You can also get get HTML page source, then regular expression the source to return a match set of links. Use regex grouping to separate out URLs, link text/ID, etc. and you can then pass them back to selenium to click on or navigate to.
Another method is get HTML page source or innerHTML (via DOM locators) of a parent/root element then convert the HTML to XML as DOM object in your programming language. You can then traverse the DOM with desired XPath (with regular expression or not), and obtain a nodeset of only the links of interest. From their parse out the link text/ID or URL and you can pass back to selenium to click on or navigate to.
Upon request, I'm providing examples below. It's mixed languages since the post didn't appear to be language specific anyways. I'm just using what I had available to hack together for examples. They aren't fully tested or tested at all, but I've worked with bits of the code before in other projects, so these are proof of concept code examples of how you'd implement the solutions I just mentioned.
//Example of element attribute processing by page source and regex (in PHP)

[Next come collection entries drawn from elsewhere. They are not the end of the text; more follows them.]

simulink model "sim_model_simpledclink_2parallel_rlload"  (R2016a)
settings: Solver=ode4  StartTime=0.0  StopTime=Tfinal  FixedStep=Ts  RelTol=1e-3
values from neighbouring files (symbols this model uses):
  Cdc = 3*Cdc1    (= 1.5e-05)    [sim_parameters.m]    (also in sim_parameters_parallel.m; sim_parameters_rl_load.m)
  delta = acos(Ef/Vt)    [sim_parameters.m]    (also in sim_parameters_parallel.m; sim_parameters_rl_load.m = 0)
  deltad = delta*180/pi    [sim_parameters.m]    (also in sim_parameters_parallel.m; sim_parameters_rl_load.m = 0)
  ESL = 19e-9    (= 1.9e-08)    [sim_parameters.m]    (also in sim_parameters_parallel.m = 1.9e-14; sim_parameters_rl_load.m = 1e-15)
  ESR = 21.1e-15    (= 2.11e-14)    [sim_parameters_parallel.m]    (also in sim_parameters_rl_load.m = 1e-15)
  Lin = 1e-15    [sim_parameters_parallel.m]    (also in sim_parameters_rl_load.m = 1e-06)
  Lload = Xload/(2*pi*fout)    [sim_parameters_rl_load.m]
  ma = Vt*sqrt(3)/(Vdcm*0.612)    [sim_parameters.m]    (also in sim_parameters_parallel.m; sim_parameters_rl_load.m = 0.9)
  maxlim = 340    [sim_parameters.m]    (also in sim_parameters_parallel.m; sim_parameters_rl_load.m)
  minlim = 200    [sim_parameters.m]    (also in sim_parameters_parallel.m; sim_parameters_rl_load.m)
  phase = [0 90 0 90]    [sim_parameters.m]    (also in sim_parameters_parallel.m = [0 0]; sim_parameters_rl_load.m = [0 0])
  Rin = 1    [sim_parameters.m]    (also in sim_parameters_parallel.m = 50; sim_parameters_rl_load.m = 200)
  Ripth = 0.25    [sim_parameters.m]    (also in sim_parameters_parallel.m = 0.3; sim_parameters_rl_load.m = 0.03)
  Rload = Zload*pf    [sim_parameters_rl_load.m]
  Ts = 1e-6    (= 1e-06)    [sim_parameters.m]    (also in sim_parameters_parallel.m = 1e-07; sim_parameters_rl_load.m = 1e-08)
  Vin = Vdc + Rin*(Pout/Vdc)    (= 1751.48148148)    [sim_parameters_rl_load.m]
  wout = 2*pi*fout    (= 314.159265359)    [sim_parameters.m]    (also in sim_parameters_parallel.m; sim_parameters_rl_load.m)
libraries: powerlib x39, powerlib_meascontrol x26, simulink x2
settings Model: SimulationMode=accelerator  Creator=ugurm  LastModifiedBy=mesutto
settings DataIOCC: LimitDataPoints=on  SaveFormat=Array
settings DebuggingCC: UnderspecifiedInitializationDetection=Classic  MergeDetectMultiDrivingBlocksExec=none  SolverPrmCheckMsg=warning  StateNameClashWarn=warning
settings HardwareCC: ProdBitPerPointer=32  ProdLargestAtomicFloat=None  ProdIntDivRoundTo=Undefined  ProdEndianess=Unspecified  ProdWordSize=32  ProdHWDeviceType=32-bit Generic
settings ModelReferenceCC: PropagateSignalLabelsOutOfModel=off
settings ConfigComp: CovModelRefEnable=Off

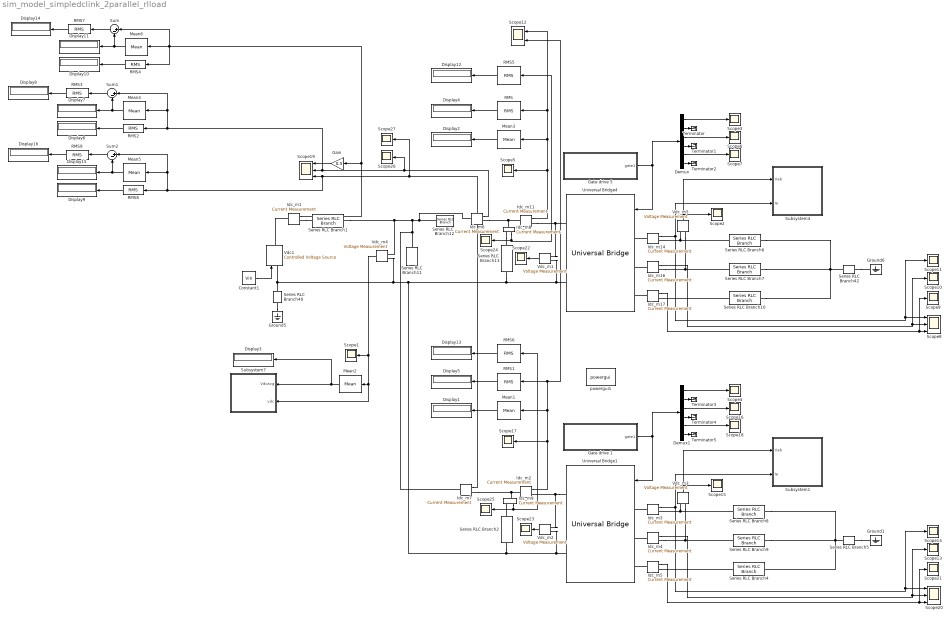
== system sim_model_simpledclink_2parallel_rlload ==
  Constant1 : Constant  Value=Vin
  Demux : Demux  Outputs=6
  Demux1 : Demux  Outputs=6
  Display{1..16} (16 alike) : Display
  Gain : Gain  Gain=0.5
  Gate drive 1 : Subsystem
  Gate drive 5 : Subsystem
  Ground1 : powerlib/Elements/Ground  LConnTagsString=a
  Ground5 : powerlib/Elements/Ground  LConnTagsString=a
  Ground6 : powerlib/Elements/Ground  LConnTagsString=a
  Idc_m{1..9,11,14,16..17} (13 alike) : powerlib/Measurements/Current Measurement  PhasorSimulation=off  OutputType=Complex  PSBequivalent=0
  Mean{1..6} (6 alike) : powerlib_meascontrol/Measurements/Mean  Freq=fout  Vinit=0  Ts=0
  RMS{,1..9} (10 alike) : powerlib_meascontrol/Measurements/RMS  TrueRMS=on  Freq=fout  RMSInit=0  Ts=0
  Scope{1..7,9..11,13..18,21..27} (23 alike) : Scope
  Scope12 : Scope  NumInputPorts=2
  Scope19 : Scope  NumInputPorts=3
  Scope20 : Scope  NumInputPorts=3
  Scope8 : Scope  NumInputPorts=3
  Series RLC Branch1 : powerlib/Elements/Series RLC Branch  LConnTagsString=__new0  RConnTagsString=__new0  BranchType=R  Resistance=Rin  Inductance=Lin  SetiL0=off  InitialCurrent=0  Capacitance=1e-6  Setx0=off  InitialVoltage=0  Measurements=None
  Series RLC Branch{4,6..10} (6 alike) : powerlib/Elements/Series RLC Branch  LConnTagsString=__new0  RConnTagsString=__new0  BranchType=RL  Resistance=Rload  Inductance=Lload  SetiL0=off  InitialCurrent=0  Capacitance=1e-6  Setx0=off  InitialVoltage=0  Measurements=None
  Series RLC Branch11 : powerlib/Elements/Series RLC Branch  LConnTagsString=__new0  RConnTagsString=__new0  BranchType=RL  Resistance=1e-3  Inductance=1e-6  SetiL0=off  InitialCurrent=0  Capacitance=1e-6  Setx0=off  InitialVoltage=0  Measurements=None
  Series RLC Branch12 : powerlib/Elements/Series RLC Branch  LConnTagsString=__new0  RConnTagsString=__new0  BranchType=RL  Resistance=1e-3  Inductance=1e-6  SetiL0=off  InitialCurrent=0  Capacitance=1e-6  Setx0=off  InitialVoltage=0  Measurements=None
  Series RLC Branch13 : powerlib/Elements/Series RLC Branch  LConnTagsString=__new0  RConnTagsString=__new0  BranchType=RLC  Resistance=ESR  Inductance=ESL  SetiL0=off  InitialCurrent=0  Capacitance=Cdc  Setx0=off  InitialVoltage=0  Measurements=None
  Series RLC Branch2 : powerlib/Elements/Series RLC Branch  LConnTagsString=__new0  RConnTagsString=__new0  BranchType=RLC  Resistance=ESR  Inductance=ESL  SetiL0=off  InitialCurrent=0  Capacitance=Cdc  Setx0=off  InitialVoltage=0  Measurements=None
  Series RLC Branch40 : powerlib/Elements/Series RLC Branch  LConnTagsString=__new0  RConnTagsString=__new0  BranchType=R  Resistance=1e12  Inductance=Lload  SetiL0=off  InitialCurrent=0  Capacitance=1e-6  Setx0=off  InitialVoltage=0  Measurements=None
  Series RLC Branch42 : powerlib/Elements/Series RLC Branch  LConnTagsString=__new0  RConnTagsString=__new0  BranchType=R  Resistance=1e12  Inductance=Lload  SetiL0=off  InitialCurrent=0  Capacitance=1e-6  Setx0=off  InitialVoltage=0  Measurements=None
  Series RLC Branch5 : powerlib/Elements/Series RLC Branch  LConnTagsString=__new0  RConnTagsString=__new0  BranchType=R  Resistance=1e12  Inductance=Lload  SetiL0=off  InitialCurrent=0  Capacitance=1e-6  Setx0=off  InitialVoltage=0  Measurements=None
  Subsystem1 : Subsystem
  Subsystem4 : Subsystem
  Subsystem7 : Subsystem
  Sum : Sum  Inputs=|+-
  Sum1 : Sum  Inputs=|+-
  Sum2 : Sum  Inputs=|+-
  Terminator{,1..5} (6 alike) : Terminator
  Universal Bridge1 : powerlib/Power Electronics/Universal Bridge  Arms=3  SnubberResistance=1e5  SnubberCapacitance=inf  Device=IGBT / Diodes  Ron=1e-6  Lon=0  ForwardVoltages="[  0  0  ]"  ForwardVoltage=0  GTOparameters=[ 10e-6 , 20e-6 ]  IGBTparameters=[0,0]  Measurements=None  Measurements_2=None  converterType=Rectifier
  Universal Bridge4 : powerlib/Power Electronics/Universal Bridge  Arms=3  SnubberResistance=1e5  SnubberCapacitance=inf  Device=IGBT / Diodes  Ron=1e-6  Lon=0  ForwardVoltages="[  0  0  ]"  ForwardVoltage=0  GTOparameters=[ 10e-6 , 20e-6 ]  IGBTparameters=[0,0]  Measurements=None  Measurements_2=None  converterType=Rectifier
  Vdc1 : powerlib/Electrical Sources/Controlled Voltage Source  Initialize=off  Source_Type=DC  Amplitude=200  Phase=0  Frequency=0  Measurements=None
  Vdc_m{1..5} (5 alike) : powerlib/Measurements/Voltage Measurement  PhasorSimulation=off  OutputType=Complex  PSBequivalent=0
  powergui1 : powerlib/powergui  Priority=1  SimulationMode=Discrete  SolverType=Tustin  SampleTime=Ts  frequency=60  SPID=off  DisableSnubberDevices=off  DisableRonSwitches=off  DisableVfSwitches=off  SwTol=0  DisplayEquations=off  Interpol=off  ExternalGateDelay=off  methode=off  Ts=0  FunctionMessages=off  echomessages=off  HookPort=off  EnableUseOfTLC=off  x0status=blocks  frequencyindice=0  Pbase=100e6  ErrMax=1e-4  Iterations=50  UnitsV=kV  UnitsW=MW  buscounter=0  RestoreLinks=warning  ResistiveCurrentMeasurement=off  Frange=[0:2:500]  Ylog=off  Xlog=on  ShowGrid=off  save=off  variable=ZData  structure=vdc  ZoomFFT=off  StartTime=0.35  cycles=5  DisplayStyle=4  fundamental=50  FreqAxis=off  MaxFrequency=50000  frequencyindicesteady=1  RmsSteady=1  display=off
  wires:
  Gate drive 5/1(gate1) -> Universal Bridge4/1, Demux/1
  Vdc_m5/1 -> Subsystem4/1(Vab), Scope2/1
  Idc_m14/1 -> Subsystem4/2(Ia), Scope11/1, Scope8/1
  Constant1/1 -> Vdc1/1
  Idc_m16/1 -> Scope10/1, Scope8/2
  Idc_m17/1 -> Scope9/1, Scope8/3
  Idc_m11/1 -> Mean3/1, RMS/1, Scope12/1, Scope5/1
  Mean3/1 -> Display2/1
  RMS/1 -> Display4/1
  Demux/1 -> Scope3/1
  Demux/5 -> Scope7/1
  Demux/3 -> Scope6/1
  Demux/2 -> Terminator/1
  Demux/4 -> Terminator1/1
  Demux/6 -> Terminator2/1
  Mean2/1 -> Display3/1, Subsystem7/1(Vdcavg)
  Gate drive 1/1(gate1) -> Universal Bridge1/1, Demux1/1
  Vdc_m3/1 -> Subsystem1/1(Vab), Scope15/1
  Idc_m3/1 -> Subsystem1/2(Ia), Scope14/1, Scope20/1
  Idc_m4/1 -> Scope13/1, Scope20/2
  Idc_m5/1 -> Scope21/1, Scope20/3
  Idc_m2/1 -> Mean1/1, Scope12/2, RMS1/1, Scope17/1
  Mean1/1 -> Display1/1
  RMS1/1 -> Display5/1
  Demux1/1 -> Scope4/1
  Demux1/5 -> Scope18/1
  Demux1/3 -> Scope16/1
  Demux1/2 -> Terminator3/1
  Demux1/4 -> Terminator4/1
  Demux1/6 -> Terminator5/1
  Vdc_m4/1 -> Scope1/1, Subsystem7/2(vdc), Mean2/1
  Gain/1 -> Scope19/1
  Vdc_m1/1 -> Scope22/1
  Vdc_m2/1 -> Scope23/1
  Idc_m8/1 -> RMS5/1, Scope24/1
  Idc_m6/1 -> Sum1/1, Mean4/1, RMS2/1, Scope19/2, Scope26/1
  RMS4/1 -> Display10/1
  Idc_m1/1 -> Sum/1, RMS4/1, Mean6/1, Gain/1
  Mean6/1 -> Display11/1, Sum/2
  RMS5/1 -> Display12/1
  RMS6/1 -> Display13/1
  Idc_m9/1 -> RMS6/1, Scope25/1
  Sum/1 -> RMS7/1
  RMS7/1 -> Display14/1
  RMS2/1 -> Display6/1
  Mean4/1 -> Display7/1, Sum1/2
  Sum1/1 -> RMS3/1
  RMS3/1 -> Display8/1
  RMS8/1 -> Display9/1
  Idc_m7/1 -> Scope27/1, Mean5/1, Sum2/1, RMS8/1, Scope19/3
  Mean5/1 -> Display15/1, Sum2/2
  Sum2/1 -> RMS9/1
  RMS9/1 -> Display16/1
  connections:
  Vdc_m5/LConn1 -- Series RLC Branch6/LConn1 -- Idc_m14/RConn1
  Series RLC Branch42/RConn1 -- Ground6/LConn1
  Series RLC Branch40/RConn1 -- Ground5/LConn1
  Idc_m14/LConn1 -- Universal Bridge4/LConn1
  Series RLC Branch42/LConn1 -- Series RLC Branch7/RConn1 -- Series RLC Branch10/RConn1 -- Series RLC Branch6/RConn1
  Idc_m16/LConn1 -- Universal Bridge4/LConn2
  Idc_m17/LConn1 -- Universal Bridge4/LConn3
  Series RLC Branch10/LConn1 -- Idc_m17/RConn1
  Idc_m16/RConn1 -- Series RLC Branch7/LConn1 -- Vdc_m5/LConn2
  Idc_m11/RConn1 -- Vdc_m1/LConn1 -- Universal Bridge4/RConn1
  Idc_m1/RConn1 -- Series RLC Branch1/LConn1
  Idc_m1/LConn1 -- Vdc1/RConn1
  Idc_m3/RConn1 -- Series RLC Branch8/LConn1 -- Vdc_m3/LConn1
  Vdc_m3/LConn2 -- Series RLC Branch9/LConn1 -- Idc_m4/RConn1
  Universal Bridge4/RConn2 -- Vdc_m1/LConn2 -- Series RLC Branch13/RConn1 -- Series RLC Branch2/RConn1 -- Universal Bridge1/RConn2 -- Vdc_m2/LConn2 -- Vdc_m4/LConn2 -- Vdc1/LConn1 -- Series RLC Branch40/LConn1
  Universal Bridge1/RConn1 -- Idc_m2/RConn1 -- Vdc_m2/LConn1
  Idc_m7/RConn1 -- Idc_m9/LConn1 -- Idc_m2/LConn1
  Idc_m3/LConn1 -- Universal Bridge1/LConn1
  Idc_m4/LConn1 -- Universal Bridge1/LConn2
  Series RLC Branch4/LConn1 -- Idc_m5/RConn1
  Idc_m5/LConn1 -- Universal Bridge1/LConn3
  Series RLC Branch5/RConn1 -- Ground1/LConn1
  Idc_m6/RConn1 -- Idc_m8/LConn1 -- Idc_m11/LConn1
  Vdc_m4/LConn1 -- Series RLC Branch1/RConn1 -- Idc_m6/LConn1 -- Series RLC Branch12/LConn1 -- Idc_m7/LConn1 -- Series RLC Branch11/RConn1
  Series RLC Branch8/RConn1 -- Series RLC Branch9/RConn1 -- Series RLC Branch5/LConn1 -- Series RLC Branch4/RConn1
  Idc_m8/RConn1 -- Series RLC Branch13/LConn1
  Series RLC Branch2/LConn1 -- Idc_m9/RConn1

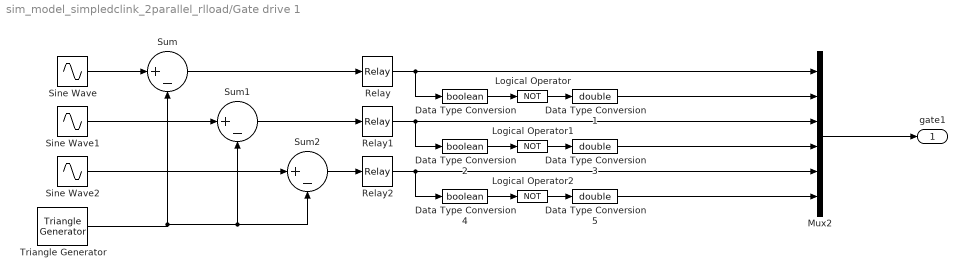
== system sim_model_simpledclink_2parallel_rlload/Gate drive 1 ==
  Data Type Conversion : DataTypeConversion  OutDataTypeStr=boolean
  Data Type Conversion1 : DataTypeConversion  OutDataTypeStr=double
  Data Type Conversion2 : DataTypeConversion  OutDataTypeStr=boolean
  Data Type Conversion3 : DataTypeConversion  OutDataTypeStr=double
  Data Type Conversion4 : DataTypeConversion  OutDataTypeStr=boolean
  Data Type Conversion5 : DataTypeConversion  OutDataTypeStr=double
  Logical Operator : Logic  Operator=NOT  AllPortsSameDT=off  OutDataTypeStr=boolean
  Logical Operator1 : Logic  Operator=NOT  AllPortsSameDT=off  OutDataTypeStr=boolean
  Logical Operator2 : Logic  Operator=NOT  AllPortsSameDT=off  OutDataTypeStr=boolean
  Mux2 : Mux  Inputs=6
  Relay : Relay
  Relay1 : Relay
  Relay2 : Relay
  Sine Wave : Sin  Amplitude=ma  Frequency=wout  Phase=delta  SampleTime=0
  Sine Wave1 : Sin  Amplitude=ma  Frequency=wout  Phase=-2*pi/3+delta  SampleTime=0
  Sine Wave2 : Sin  Amplitude=ma  Frequency=wout  Phase=2*pi/3+delta  SampleTime=0
  Sum : Sum  Inputs=|+-
  Sum1 : Sum  Inputs=|+-
  Sum2 : Sum  Inputs=|+-
  Triangle Generator : powerlib_meascontrol/Pulse & Signal Generators/Triangle Generator  Freq=fsw  Phase=phase(2)  Ts=Ts
  gate1 : Outport
  wires:
  Sine Wave/1 -> Sum/1
  Triangle Generator/1 -> Sum1/2, Sum2/2, Sum/2
  Sine Wave1/1 -> Sum1/1
  Sine Wave2/1 -> Sum2/1
  Sum/1 -> Relay/1
  Sum1/1 -> Relay1/1
  Sum2/1 -> Relay2/1
  Data Type Conversion/1 -> Logical Operator/1
  Relay/1 -> Data Type Conversion/1, Mux2/1
  Logical Operator/1 -> Data Type Conversion1/1
  Data Type Conversion1/1 -> Mux2/2
  Data Type Conversion2/1 -> Logical Operator1/1
  Relay1/1 -> Data Type Conversion2/1, Mux2/3
  Logical Operator1/1 -> Data Type Conversion3/1
  Data Type Conversion3/1 -> Mux2/4
  Data Type Conversion4/1 -> Logical Operator2/1
  Relay2/1 -> Data Type Conversion4/1, Mux2/5
  Logical Operator2/1 -> Data Type Conversion5/1
  Data Type Conversion5/1 -> Mux2/6
  Mux2/1 -> gate1/1

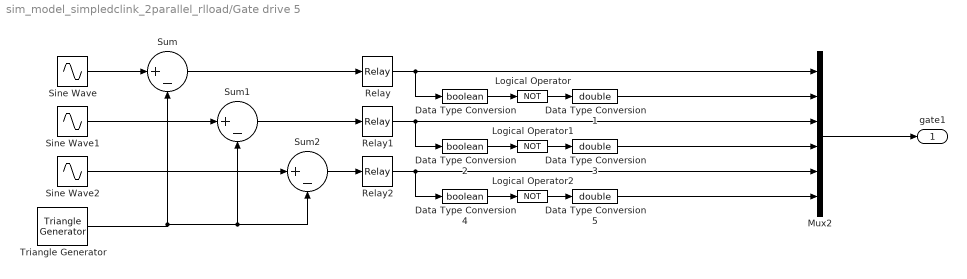
== system sim_model_simpledclink_2parallel_rlload/Gate drive 5 ==
  Data Type Conversion : DataTypeConversion  OutDataTypeStr=boolean
  Data Type Conversion1 : DataTypeConversion  OutDataTypeStr=double
  Data Type Conversion2 : DataTypeConversion  OutDataTypeStr=boolean
  Data Type Conversion3 : DataTypeConversion  OutDataTypeStr=double
  Data Type Conversion4 : DataTypeConversion  OutDataTypeStr=boolean
  Data Type Conversion5 : DataTypeConversion  OutDataTypeStr=double
  Logical Operator : Logic  Operator=NOT  AllPortsSameDT=off  OutDataTypeStr=boolean
  Logical Operator1 : Logic  Operator=NOT  AllPortsSameDT=off  OutDataTypeStr=boolean
  Logical Operator2 : Logic  Operator=NOT  AllPortsSameDT=off  OutDataTypeStr=boolean
  Mux2 : Mux  Inputs=6
  Relay : Relay
  Relay1 : Relay
  Relay2 : Relay
  Sine Wave : Sin  Amplitude=ma  Frequency=wout  Phase=delta  SampleTime=0
  Sine Wave1 : Sin  Amplitude=ma  Frequency=wout  Phase=-2*pi/3+delta  SampleTime=0
  Sine Wave2 : Sin  Amplitude=ma  Frequency=wout  Phase=2*pi/3+delta  SampleTime=0
  Sum : Sum  Inputs=|+-
  Sum1 : Sum  Inputs=|+-
  Sum2 : Sum  Inputs=|+-
  Triangle Generator : powerlib_meascontrol/Pulse & Signal Generators/Triangle Generator  Freq=fsw  Phase=phase(1)  Ts=Ts
  gate1 : Outport
  wires:
  Sine Wave/1 -> Sum/1
  Triangle Generator/1 -> Sum1/2, Sum2/2, Sum/2
  Sine Wave1/1 -> Sum1/1
  Sine Wave2/1 -> Sum2/1
  Sum/1 -> Relay/1
  Sum1/1 -> Relay1/1
  Sum2/1 -> Relay2/1
  Data Type Conversion/1 -> Logical Operator/1
  Relay/1 -> Data Type Conversion/1, Mux2/1
  Logical Operator/1 -> Data Type Conversion1/1
  Data Type Conversion1/1 -> Mux2/2
  Data Type Conversion2/1 -> Logical Operator1/1
  Relay1/1 -> Data Type Conversion2/1, Mux2/3
  Logical Operator1/1 -> Data Type Conversion3/1
  Data Type Conversion3/1 -> Mux2/4
  Data Type Conversion4/1 -> Logical Operator2/1
  Relay2/1 -> Data Type Conversion4/1, Mux2/5
  Logical Operator2/1 -> Data Type Conversion5/1
  Data Type Conversion5/1 -> Mux2/6
  Mux2/1 -> gate1/1

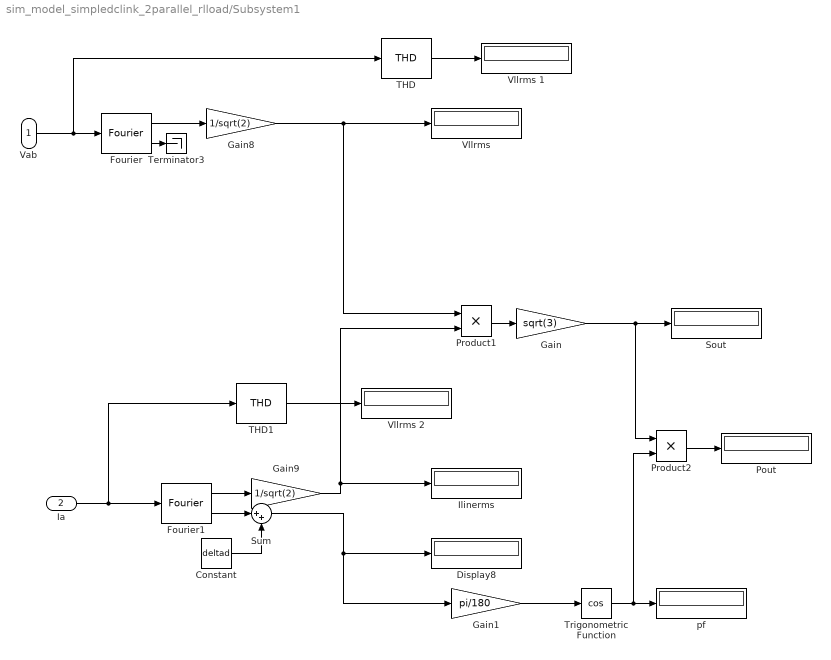
== system sim_model_simpledclink_2parallel_rlload/Subsystem1 ==
  Vab : Inport
  Ia : Inport  Port=2
  Constant : Constant  Value=deltad
  Display8 : Display
  Fourier : powerlib_meascontrol/Measurements/Fourier  Freq=fout  n=1  InInit=[0, 0]  Ts=Ts
  Fourier1 : powerlib_meascontrol/Measurements/Fourier  Freq=fout  n=1  InInit=[0, 0]  Ts=Ts
  Gain : Gain  Gain=sqrt(3)
  Gain1 : Gain  Gain=pi/180
  Gain8 : Gain  Gain=1/sqrt(2)
  Gain9 : Gain  Gain=1/sqrt(2)
  "Ilinerms " : Display
  Pout : Display
  Product1 : Product
  Product2 : Product
  Sout : Display
      settings: Format=short_e
  Sum : Sum  Inputs=|++
  THD : powerlib_meascontrol/Measurements/THD  Freq=fout  Ts=0
  THD1 : powerlib_meascontrol/Measurements/THD  Freq=fout  Ts=0
  Terminator3 : Terminator
  Trigonometric Function : Trigonometry  Operator=cos
  "Vllrms " : Display
  Vllrms 1 : Display
  Vllrms 2 : Display
  pf : Display
  wires:
  Gain8/1 -> Product1/1, "Vllrms "/1
  Gain9/1 -> "Ilinerms "/1, Product1/2
  Ia/1 -> THD1/1, Fourier1/1
  Fourier1/1 -> Gain9/1
  Vab/1 -> THD/1, Fourier/1
  Fourier/1 -> Gain8/1
  Product1/1 -> Gain/1
  Gain/1 -> Product2/1, Sout/1
  Sum/1 -> Gain1/1, Display8/1
  Trigonometric Function/1 -> Product2/2, pf/1
  Gain1/1 -> Trigonometric Function/1
  Product2/1 -> Pout/1
  Fourier/2 -> Terminator3/1
  THD/1 -> Vllrms 1/1
  THD1/1 -> Vllrms 2/1
  Fourier1/2 -> Sum/1
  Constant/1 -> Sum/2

$pgSrc = $sel->getPageSource();
//simple hyperlink extraction via regex below, replace with better regex pattern as desired
preg_match_all("/<a.+href=\"(.+)\"/",$pgSrc,$matches,PREG_PATTERN_ORDER);
//$matches is a 2D array, $matches[0] is array of whole string matched, $matches[1] is array of what's in parenthesis
//you either get an array of all matched link URL values in parenthesis capture group or an empty array
$links = count($matches) >= 2 ? $matches[1] : array();
//now do as you wish, iterating over all link URLs
//NOTE: these are URLs only, not actual hyperlink elements
//Example of XML DOM parsing with Selenium RC (in Java)
String locator = "id=someElement";
String htmlSrcSubset = sel.getEval("this.browserbot.findElement(\""+locator+"\").innerHTML");
//using JSoup XML parser library for Java, see jsoup.org
Document doc = Jsoup.parse(htmlSrcSubset);
/* once you have this document object, can then manipulate & traverse
it as an XML/HTML node tree. I'm not going to go into details on this
as you'd need to know XML DOM traversal and XPath (not just for finding locators).
But this tutorial URL will give you some ideas:
http://jsoup.org/cookbook/extracting-data/dom-navigation
the example there seems to indicate first getting the element/node defined
by content tag within the "document" or source, then from there get all
hyperlink elements/nodes and then traverse that as a list/array, doing
whatever you want with an object oriented approach for each element in
the array. Each element is an XML node with properties. If you study it,
you'd find this approach gives you the power/access that WebDriver/Selenium 2
now gives you with WebElements but the example here is what you can do in
Selenium RC to get similar WebElement kind of capability
*/
Selenium's By.Id and By.CssSelector methods do not support Regex and By.XPath only does where XPath 2.0 is enabled. If you want to use Regex, you can do something like this:
void MyCallingMethod(IWebDriver driver)
{
//Search by ID:
string attrName = "id";
//Regex = 'a number that is 1-10 digits long'
string attrRegex= "[0-9]{1,10}";
SearchByAttribute(driver, attrName, attrRegex);
}
IEnumerable<IWebElement> SearchByAttribute(IWebDriver driver, string attrName, string attrRegex)
{
List<IWebElement> elements = new List<IWebElement>();
//Allows spaces around equal sign. Ex: id = 55
string searchString = attrName +"\\s*=\\s*\"" + attrRegex +"\"";
//Search page source
MatchCollection matches = Regex.Matches(driver.PageSource, searchString, RegexOptions.IgnoreCase);
//iterate over matches
foreach (Match match in matches)
{
//Get exact attribute value
Match innerMatch = Regex.Match(match.Value, attrRegex);
cssSelector = "[" + attrName + "=" + attrRegex + "]";
//Find element by exact attribute value
elements.Add(driver.FindElement(By.CssSelector(cssSelector)));
}
return elements;
}
Note: this code is untested. Also, you can optimize this method by figuring out a way to eliminate the second search.